Supplied material:
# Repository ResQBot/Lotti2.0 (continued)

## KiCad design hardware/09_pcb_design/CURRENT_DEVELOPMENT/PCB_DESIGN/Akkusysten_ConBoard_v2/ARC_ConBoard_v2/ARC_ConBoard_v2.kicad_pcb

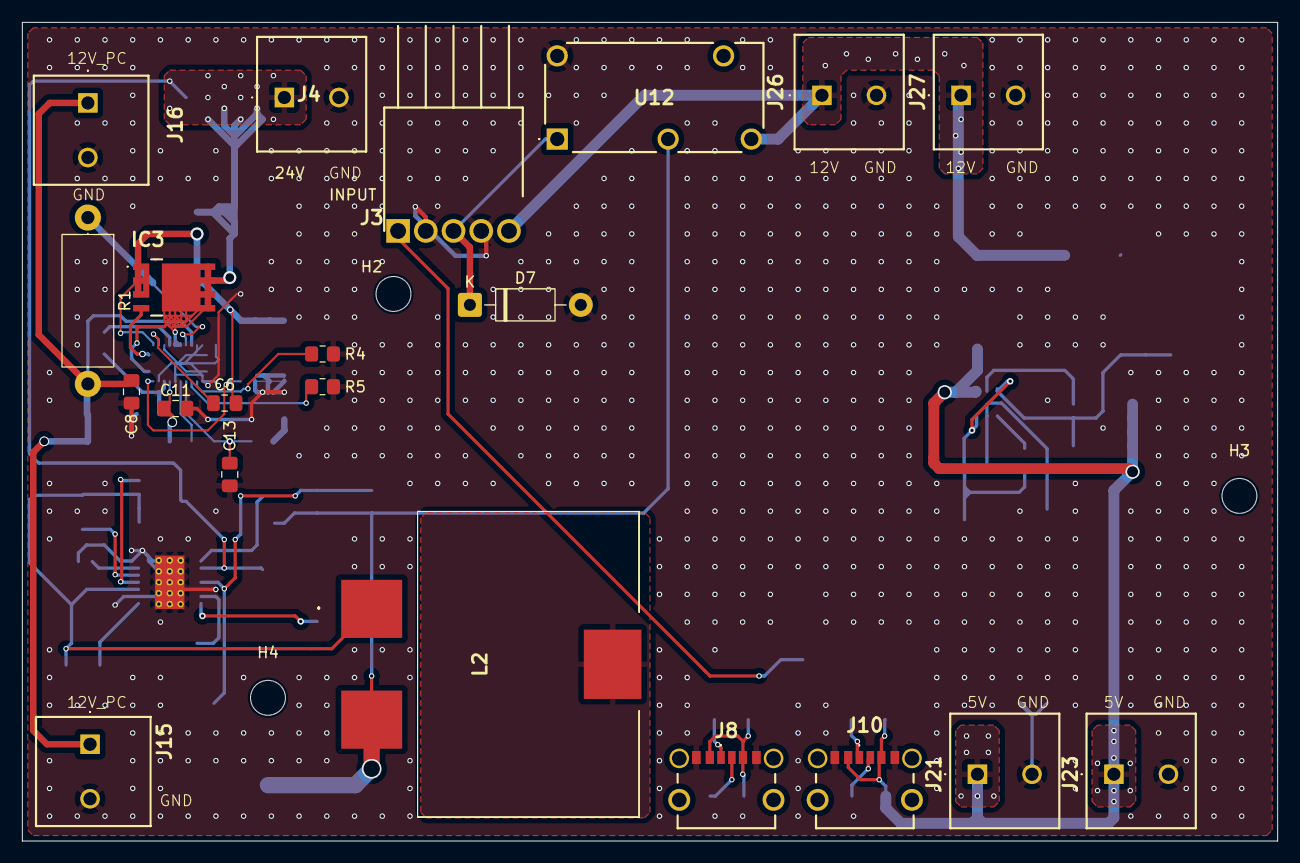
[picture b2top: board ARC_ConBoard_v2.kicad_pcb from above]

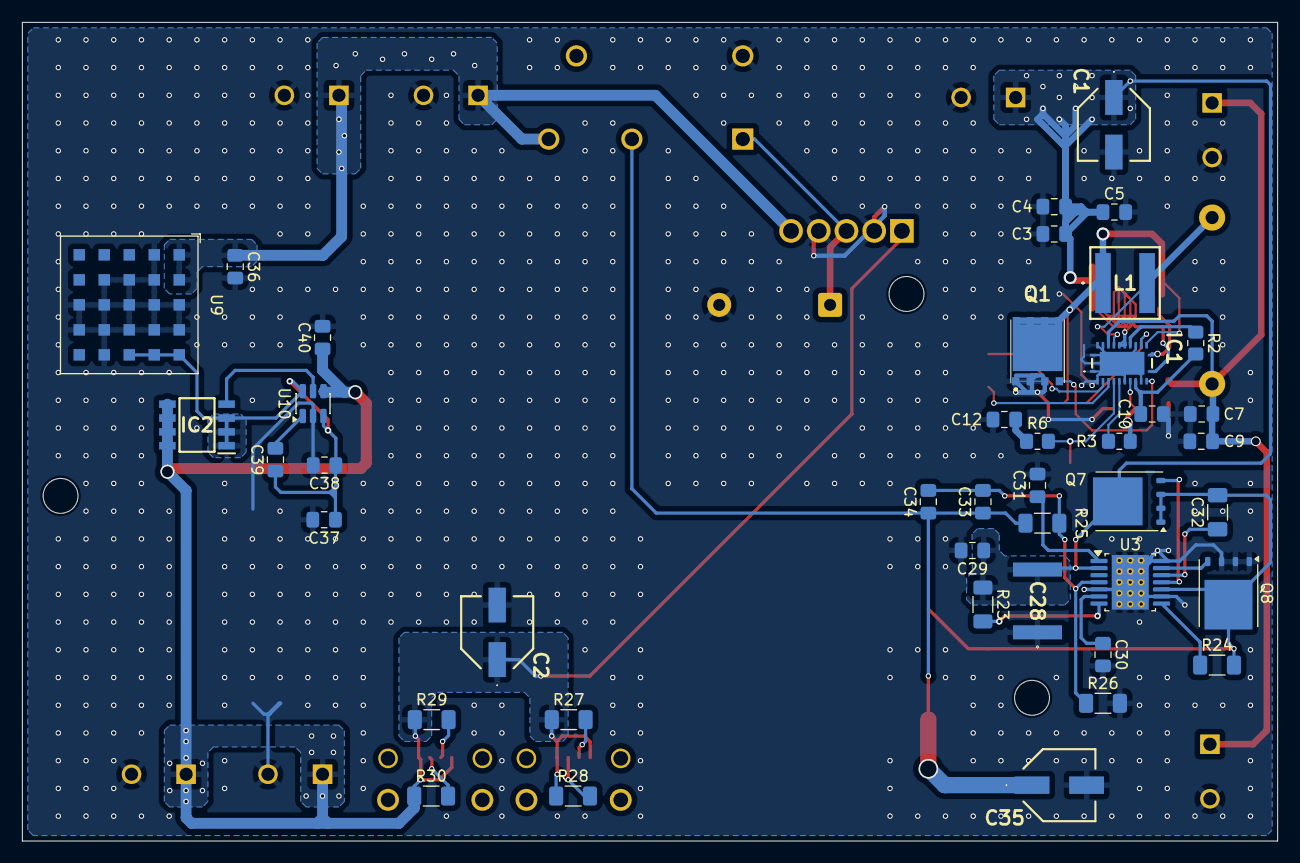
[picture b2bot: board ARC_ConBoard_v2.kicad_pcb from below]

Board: 2 copper layers, 115.0 x 75.0 mm, 66 parts (42 on the bottom side), 36 nets.

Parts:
C1, C2, C35: EEH-ZC1E560P; EEHZA1E101XP
C3, C4, C5: 4.7uF; C_0805_2012Metric_Pad1.18x1.45mm_HandSolder
C6, C11, C29, C38, C39, C40: 100nF; C_0805_2012Metric_Pad1.18x1.45mm_HandSolder
C7, C8, C9, C36: 10uF; C_0805_2012Metric_Pad1.18x1.45mm_HandSolder
C10, C31: 2.2uF; C_0805_2012Metric_Pad1.18x1.45mm_HandSolder
C12: 680pF; C_0805_2012Metric_Pad1.18x1.45mm_HandSolder
C13: 24p; C_0805_2012Metric_Pad1.18x1.45mm_HandSolder
C28: C5750X7S2A156M250KB; C5750_Commercial
C30: 15nF; C_0805_2012Metric_Pad1.18x1.45mm_HandSolder
C32: 470nF; C_1206_3216Metric_Pad1.33x1.80mm_HandSolder
C33, C34: 100pF; C_0805_2012Metric_Pad1.18x1.45mm_HandSolder
C37: 22uF; C_0805_2012Metric_Pad1.18x1.45mm_HandSolder
D7: 1N4007; D_DO-41_SOD81_P10.16mm_Horizontal
H2, H3, H4: M3_MountingHoles; MountingHole_3.2mm_M3
IC1: LM5148RGYR
IC2: FDS6690A; SOIC127P600X175-8N
IC3: IAUCN04S7L028ATMA1; IAUC120N06S5N011ATMA1
J3: 640455-5; HDRRA5W88P0X254_1X5_1270X775X610P
J4, J15, J16, J21, J23, J26, J27: 1792863
J8, J10: USB_C_Receptacle_PowerOnly_6P; UJCHGSMT2P6TR
L1: XAL6030-102MEC; XAL6030102MEC
L2: 7443641000B
Q1: CSD18514Q5A
Q7: CSD18504Q5A; TDSON-8-1
Q8: CSD18533Q5A; TDSON-8-1
R1: 5mR; R_Axial_DIN0414_L11.9mm_D4.5mm_P15.24mm_Horizontal
R2: 100k; R_0805_2012Metric_Pad1.20x1.40mm_HandSolder
R3: 47.5k; R_0805_2012Metric_Pad1.20x1.40mm_HandSolder
R4: 40.2k; R_0805_2012Metric_Pad1.20x1.40mm_HandSolder
R5: 9.53k; R_0805_2012Metric_Pad1.20x1.40mm_HandSolder
R6: 6.04k; R_0805_2012Metric_Pad1.20x1.40mm_HandSolder
R23: 348k; R_1206_3216Metric_Pad1.30x1.75mm_HandSolder
R24: 604R; R_1206_3216Metric_Pad1.30x1.75mm_HandSolder
R25: 191k; R_1206_3216Metric_Pad1.30x1.75mm_HandSolder
R26, R27, R28, R29, R30: 10k; R_1206_3216Metric_Pad1.30x1.75mm_HandSolder
U3: LM3150MH; Texas_HTSSOP-14-1EP_4.4x5mm_P0.65mm_EP3.4x5mm_Mask3.155x3.2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
U9: RPM5.0-6.0; Converter_DCDC_RECOM_RPMx.x-x.0
U10: LM74700; SOT-23-6
U12: ALQ1F24RS; ALQ112S

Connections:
/5V: C2.1 (+), C40.1, IC2.5 (D_1), IC2.6 (D_2), IC2.7 (D_3), IC2.8 (D_4), J3.1, J8.A9 (VBUS), J8.B9 (VBUS), J10.A9 (VBUS), J10.B9 (VBUS), J21.1, J23.1, R27.1, R28.1, R29.1, R30.1, U10.4 (CATHODE)
/12V: C36.1, J3.5, J26.1, J27.1, U9.A1 (+VIN), U9.A2 (+VIN), U12.3 (NO)
/12V_PC: C7.1, C8.1, C9.1, IC1.21 (VOUT), J15.1, J16.1, R1.2
/24V: C1.1 (+), C3.1, C4.1, C5.1, C28.2, C29.1, IC1.12 (VIN), IC1.18 (PFM/SYNC), IC1.19 (EN), IC3.5 (D_1), IC3.6 (D_2), IC3.7 (D_3), IC3.8 (D_4), IC3.9 (D_5), J4.1, Q7.5 (D), R23.1, U3.2 (VIN)
/EMER: D7.1 (K), J3.3, U12.1 (COIL_1)
/HiVolConversion/12V_UNSEC2: C33.1, C34.1, C35.1 (+), L2.2, R25.1, U12.2 (COM)
/HiVolConversion/2412Converter/new_12V/EXTCOMP: C13.1, IC1.5 (EXTCOMP), R6.2
/HiVolConversion/2412Converter/new_12V/MFET1_GATE: IC1.13 (HO), IC3.4 (G)
/HiVolConversion/2412Converter/new_12V/MFET1_SOURCE: C6.2, IC1.14 (SW), IC3.1 (S_1), IC3.2 (S_2), IC3.3 (S_3), IC3.10 (S_4), L1.1, Q1.5 (D_1), Q1.6 (D_2), Q1.7 (D_3), Q1.8 (D_4), Q1.9 (D_5)
/HiVolConversion/2412Converter/new_12V/MFET2_GATE: IC1.11 (LO), Q1.4 (G)
/HiVolConversion/2412Converter/new_12V/SENSE1: IC1.20 (ISNS+), L1.2, R1.1
/HiVolConversion/2412Converter/new_12V/SYNCOUT: C10.1, IC1.9 (VCC), R2.2
/LoVolConversion/5V_UNSEC: C37.1, C38.1, C39.1, IC2.1 (S_1), IC2.2 (S_2), IC2.3 (S_3), U9.A5 (+VOUT), U9.B5 (+VOUT), U9.C5 (Sense), U10.3 (EN), U10.6 (ANODE)
GND: C1.2 (-), C2.2 (-), C3.2, C4.2, C5.2, C7.2, C8.2, C9.2, C10.2, C11.2, C12.2, C13.2, C28.1, C29.2, C30.2, C31.2, C35.2 (-), C36.2, C37.2, C38.2, C40.2, D7.2 (A), IC1.1 (NC_1), IC1.2 (NC_2), IC1.7 (AGND_1), IC1.10 (PGND), IC1.16 (VCCX), IC1.22 (NC_3), IC1.23 (NC_4), IC1.24 (NC_5), IC1.25 (AGND_2), J3.2, J3.4, J4.2, J8.A12 (GND), J8.B12 (GND), J10.A12 (GND), J10.B12 (GND), J15.2, J16.2, J21.2, J23.2, J26.2, J27.2, Q1.1 (S_1), Q1.2 (S_2), Q1.3 (S_3), Q8.1 (S), Q8.2 (S), Q8.3 (S), R4.1, R5.1, R26.2, U3.5 (SGND), U3.9 (SGND), U3.14 (PGND), U3.15 (SGND), U9.A3 (GND), U9.A4 (GND), U9.B1 (GND), U9.B2 (GND), U9.B3 (GND), U9.B4 (GND), U9.C2 (GND), U9.C3 (GND), U9.C4 (GND), U9.D2 (GND), U9.D3 (GND), U9.D4 (GND), U9.D5 (GND), U9.E3 (GND), U9.E4 (GND), U10.2 (GND), U12.5 (COIL_2)
unnamed: C12.1, R6.1
unnamed: C6.1, IC1.15 (CBOOT)
unnamed: IC1.3 (CNFG), R4.2
unnamed: IC1.6 (FB), R3.1
unnamed: IC1.17 (PG/SYNCOUT), R2.1
unnamed: IC1.4 (RT), R5.2
unnamed: C11.1, IC1.8 (VDDA), R3.2
unnamed: IC2.4 (G), U10.5 (GATE)
unnamed: J8.A5 (CC1), R27.2
unnamed: J8.B5 (CC2), R28.2
unnamed: J10.A5 (CC1), R29.2
unnamed: J10.B5 (CC2), R30.2
unnamed: Q7.4 (G), U3.11 (HG)
unnamed: C32.2, L2.1, Q7.1 (S), Q7.2 (S), Q7.3 (S), Q8.5 (D), R24.2, U3.10 (SW)
unnamed: Q8.4 (G), U3.13 (LG)
unnamed: C32.1, U3.12 (BST)
unnamed: C33.2, C34.2, R25.2, R26.1, U3.4 (FB)
unnamed: R24.1, U3.8 (ILIM)
unnamed: R23.2, U3.7 (RON)
unnamed: C30.1, U3.6 (SS)
unnamed: C31.1, U3.1 (VCC)
unnamed: C39.2, U10.1 (VCAP)

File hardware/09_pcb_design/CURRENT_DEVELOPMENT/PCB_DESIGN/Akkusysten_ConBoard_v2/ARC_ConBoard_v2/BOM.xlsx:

Reference | Qty | Value | DNP | Exclude from BOM | Exclude from Board | Footprint | Datasheet | MOUSER
C1,C2,C35 | 3 | EEH-ZC1E560P |  |  |  | Bickel_STD_LIB:EEHZA1E101XP | http://industrial.panasonic.com/cdbs/www-data/pdf/RDD0000/AB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 | 667-EEH-ZC1E560P
C3,C4,C5 | 3 | 4.7uF |  |  |  | Capacitor_SMD:C_0805_2012Metric_Pad1.18x1.45mm_HandSolder | ~ | 187-CL21B475KAFNFNE
C6,C11,C29,C38,C39,C40 | 6 | 100nF |  |  |  | Capacitor_SMD:C_0805_2012Metric_Pad1.18x1.45mm_HandSolder | ~ | 187-CL21B104KCFWPJF
C7,C8,C9,C36 | 4 | 10uF |  |  |  | Capacitor_SMD:C_0805_2012Metric_Pad1.18x1.45mm_HandSolder | ~ | 187-CL21A106KAYNNNF
C10,C31 | 2 | 2.2uF |  |  |  | Capacitor_SMD:C_0805_2012Metric_Pad1.18x1.45mm_HandSolder | ~ | 187-CL21A225KAFNNNG
C12 | 1 | 680pF |  |  |  | Capacitor_SMD:C_0805_2012Metric_Pad1.18x1.45mm_HandSolder | ~ | 187-CL21B681KBANFNC
C13 | 1 | 24p |  |  |  | Capacitor_SMD:C_0805_2012Metric_Pad1.18x1.45mm_HandSolder | ~ | 187-CL21C270JB61PNC
C28 | 1 | C5750X7S2A156M250KB |  |  |  | Bickel_STD_LIB:C5750_Commercial | https://product.tdk.com/system/files/dam/doc/product/capacit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 | C5750X7S2A156M250KB
C30 | 1 | 15nF |  |  |  | Capacitor_SMD:C_0805_2012Metric_Pad1.18x1.45mm_HandSolder | ~ | 77-GA805Y153JXABC31G
C32 | 1 | 470nF |  |  |  | Capacitor_SMD:C_1206_3216Metric_Pad1.33x1.80mm_HandSolder | ~ | 581-KAF31ER71H474KU
C33,C34 | 2 | 100pF |  |  |  | Capacitor_SMD:C_0805_2012Metric_Pad1.18x1.45mm_HandSolder | ~ | 187-CL21C101JB61PNC
C37 | 1 | 22uF |  |  |  | Capacitor_SMD:C_0805_2012Metric_Pad1.18x1.45mm_HandSolder | ~ | 187-CL21A226MAYNNNE
D7 | 1 | 1N4007 |  |  |  | Diode_THT:D_DO-41_SOD81_P10.16mm_Horizontal | http://www.vishay.com/docs/88503/1n4001.pdf | 637-1N4007
H1,H2,H3,H4 | 4 | M3_MountingHoles |  | Excluded from BOM |  | MountingHole:MountingHole_3.2mm_M3 | ~ | -
IC1 | 1 | LM5148RGYR |  |  |  | Bickel_STD_LIB:LM5148RGYR | https://www.ti.com/lit/ds/symlink/lm5148.pdf?ts=168099021057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 | 595-LM5148RGYR
IC2 | 1 | FDS6690A |  |  |  | Bickel_STD_LIB:SOIC127P600X175-8N | https://www.onsemi.com/pub/Collateral/FDS6690A-D.PDF | 512-FDS6690A
IC3 | 1 | IAUCN04S7L028ATMA1 |  |  |  | Bickel_STD_LIB:IAUC120N06S5N011ATMA1 | https://www.infineon.com/dgdl/Infineon-IAUCN04S7L028-DataShe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 | 726-IAUCN04S7L028ATM
J3 | 1 | 640455-5 |  |  |  | Bickel_STD_LIB:HDRRA5W88P0X254_1X5_1270X775X610P | https://www.te.com/commerce/DocumentDelivery/DDEController?A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 | 571-6404555
J4,J15,J16,J21,J23,J26,J27 | 7 | 1792863 |  |  |  | Bickel_STD_LIB:1792863 | https://www.phoenixcontact.com/online/portal/pi/pxc/product_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 | 651-1792863
J8,J10 | 2 | USB_C_Receptacle_PowerOnly_6P |  |  |  | Bickel_STD_LIB:UJCHGSMT2P6TR | https://www.usb.org/sites/default/files/documents/usb_type-c.zip
L1 | 1 | XAL6030-102MEC |  |  |  | Bickel_STD_LIB:XAL6030102MEC | https://www.coilcraft.com/getmedia/ea51f14b-7f32-4dc6-8dfe-d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 | 994-XAL6030-102MEC
L2 | 1 | 7443641000B |  |  |  | Bickel_STD_LIB:7443641000B | https://www.we-online.com/catalog/datasheet/7443641000B.pdf
Q1 | 1 | CSD18514Q5A |  |  |  | Bickel_STD_LIB:CSD18514Q5A | http://www.ti.com/lit/gpn/csd18514q5a | 595-CSD18514Q5A
Q7 | 1 | CSD18504Q5A |  |  |  | Package_TO_SOT_SMD:TDSON-8-1 | http://www.ti.com/lit/gpn/csd18504q5a | 595-CSD18504Q5A
Q8 | 1 | CSD18533Q5A |  |  |  | Package_TO_SOT_SMD:TDSON-8-1 | http://www.ti.com/lit/gpn/csd18533q5a | 595-CSD18533Q5A
R1 | 1 | 5mR |  |  |  | Resistor_THT:R_Axial_DIN0414_L11.9mm_D4.5mm_P15.24mm_Horizontal | ~ | 588-620HR005
R2 | 1 | 100k |  |  |  | Resistor_SMD:R_0805_2012Metric_Pad1.20x1.40mm_HandSolder | ~ | 603-RE0805FRE07100KL
R3 | 1 | 47.5k |  |  |  | Resistor_SMD:R_0805_2012Metric_Pad1.20x1.40mm_HandSolder | ~ | 660-RK73H2ATTD4752F
R4 | 1 | 40.2k |  |  |  | Resistor_SMD:R_0805_2012Metric_Pad1.20x1.40mm_HandSolder | ~ | 603-RE0805FRE0740K2L
R5 | 1 | 9.53k |  |  |  | Resistor_SMD:R_0805_2012Metric_Pad1.20x1.40mm_HandSolder | ~ | 603-AC0805FR-079K53L
R6 | 1 | 6.04k |  |  |  | Resistor_SMD:R_0805_2012Metric_Pad1.20x1.40mm_HandSolder | ~ | 603-RC0805FR-076K04L
R23 | 1 | 348k |  |  |  | Resistor_SMD:R_1206_3216Metric_Pad1.30x1.75mm_HandSolder | ~ | 603-RC1206FR-07348KL
R24 | 1 | 604R |  |  |  | Resistor_SMD:R_1206_3216Metric_Pad1.30x1.75mm_HandSolder | ~ | 652-CR1206FX-6040ELF
R25 | 1 | 191k |  |  |  | Resistor_SMD:R_1206_3216Metric_Pad1.30x1.75mm_HandSolder | ~ | 603-RC1206FR-07191KL
R26,R27,R28,R29,R30 | 5 | 10k |  |  |  | Resistor_SMD:R_1206_3216Metric_Pad1.30x1.75mm_HandSolder | ~ | 603-RT1206FRE1310KL
U3 | 1 | LM3150MH |  |  |  | ARC_CONLIB_FOOTPRINT:Texas_HTSSOP-14-1EP_4.4x5mm_P0.65mm_EP3.4x5mm_Mask3.155x3.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 | http://www.ti.com/lit/ds/symlink/lm3150.pdf | 926-LM3150MH/NOPB
U9 | 1 | RPM5.0-6.0 |  |  |  | Converter_DCDC:Converter_DCDC_RECOM_RPMx.x-x.0 | https://www.recom-power.com/pdf/Innoline/RPM-6.0.pdf
U10 | 1 | LM74700 |  |  |  | Package_TO_SOT_SMD:SOT-23-6 | http://www.ti.com/lit/gpn/LM74700-Q1 | 595-LM74700QDBVRQ1
U12 | 1 | ALQ1F24RS |  |  |  | Bickel_STD_LIB:ALQ112S | https://industry.panasonic.com/ac/cdn/e/control/relay/power/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

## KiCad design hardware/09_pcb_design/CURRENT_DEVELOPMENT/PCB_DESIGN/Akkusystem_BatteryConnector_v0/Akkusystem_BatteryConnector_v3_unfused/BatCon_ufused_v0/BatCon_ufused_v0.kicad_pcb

Task goal:
From the records above, repeat exactly the lines from the one with "(ISNS+), L1.2, R1.1" through the one with "C1,C2,C35 | 3", both included.

Output for this exercise:
/HiVolConversion/2412Converter/new_12V/SENSE1: IC1.20 (ISNS+), L1.2, R1.1
/HiVolConversion/2412Converter/new_12V/SYNCOUT: C10.1, IC1.9 (VCC), R2.2
/LoVolConversion/5V_UNSEC: C37.1, C38.1, C39.1, IC2.1 (S_1), IC2.2 (S_2), IC2.3 (S_3), U9.A5 (+VOUT), U9.B5 (+VOUT), U9.C5 (Sense), U10.3 (EN), U10.6 (ANODE)
GND: C1.2 (-), C2.2 (-), C3.2, C4.2, C5.2, C7.2, C8.2, C9.2, C10.2, C11.2, C12.2, C13.2, C28.1, C29.2, C30.2, C31.2, C35.2 (-), C36.2, C37.2, C38.2, C40.2, D7.2 (A), IC1.1 (NC_1), IC1.2 (NC_2), IC1.7 (AGND_1), IC1.10 (PGND), IC1.16 (VCCX), IC1.22 (NC_3), IC1.23 (NC_4), IC1.24 (NC_5), IC1.25 (AGND_2), J3.2, J3.4, J4.2, J8.A12 (GND), J8.B12 (GND), J10.A12 (GND), J10.B12 (GND), J15.2, J16.2, J21.2, J23.2, J26.2, J27.2, Q1.1 (S_1), Q1.2 (S_2), Q1.3 (S_3), Q8.1 (S), Q8.2 (S), Q8.3 (S), R4.1, R5.1, R26.2, U3.5 (SGND), U3.9 (SGND), U3.14 (PGND), U3.15 (SGND), U9.A3 (GND), U9.A4 (GND), U9.B1 (GND), U9.B2 (GND), U9.B3 (GND), U9.B4 (GND), U9.C2 (GND), U9.C3 (GND), U9.C4 (GND), U9.D2 (GND), U9.D3 (GND), U9.D4 (GND), U9.D5 (GND), U9.E3 (GND), U9.E4 (GND), U10.2 (GND), U12.5 (COIL_2)
unnamed: C12.1, R6.1
unnamed: C6.1, IC1.15 (CBOOT)
unnamed: IC1.3 (CNFG), R4.2
unnamed: IC1.6 (FB), R3.1
unnamed: IC1.17 (PG/SYNCOUT), R2.1
unnamed: IC1.4 (RT), R5.2
unnamed: C11.1, IC1.8 (VDDA), R3.2
unnamed: IC2.4 (G), U10.5 (GATE)
unnamed: J8.A5 (CC1), R27.2
unnamed: J8.B5 (CC2), R28.2
unnamed: J10.A5 (CC1), R29.2
unnamed: J10.B5 (CC2), R30.2
unnamed: Q7.4 (G), U3.11 (HG)
unnamed: C32.2, L2.1, Q7.1 (S), Q7.2 (S), Q7.3 (S), Q8.5 (D), R24.2, U3.10 (SW)
unnamed: Q8.4 (G), U3.13 (LG)
unnamed: C32.1, U3.12 (BST)
unnamed: C33.2, C34.2, R25.2, R26.1, U3.4 (FB)
unnamed: R24.1, U3.8 (ILIM)
unnamed: R23.2, U3.7 (RON)
unnamed: C30.1, U3.6 (SS)
unnamed: C31.1, U3.1 (VCC)
unnamed: C39.2, U10.1 (VCAP)

File hardware/09_pcb_design/CURRENT_DEVELOPMENT/PCB_DESIGN/Akkusysten_ConBoard_v2/ARC_ConBoard_v2/BOM.xlsx:

Reference | Qty | Value | DNP | Exclude from BOM | Exclude from Board | Footprint | Datasheet | MOUSER
C1,C2,C35 | 3 | EEH-ZC1E560P |  |  |  | Bickel_STD_LIB:EEHZA1E101XP | http://industrial.panasonic.com/cdbs/www-data/pdf/RDD0000/AB | 667-EEH-ZC1E560P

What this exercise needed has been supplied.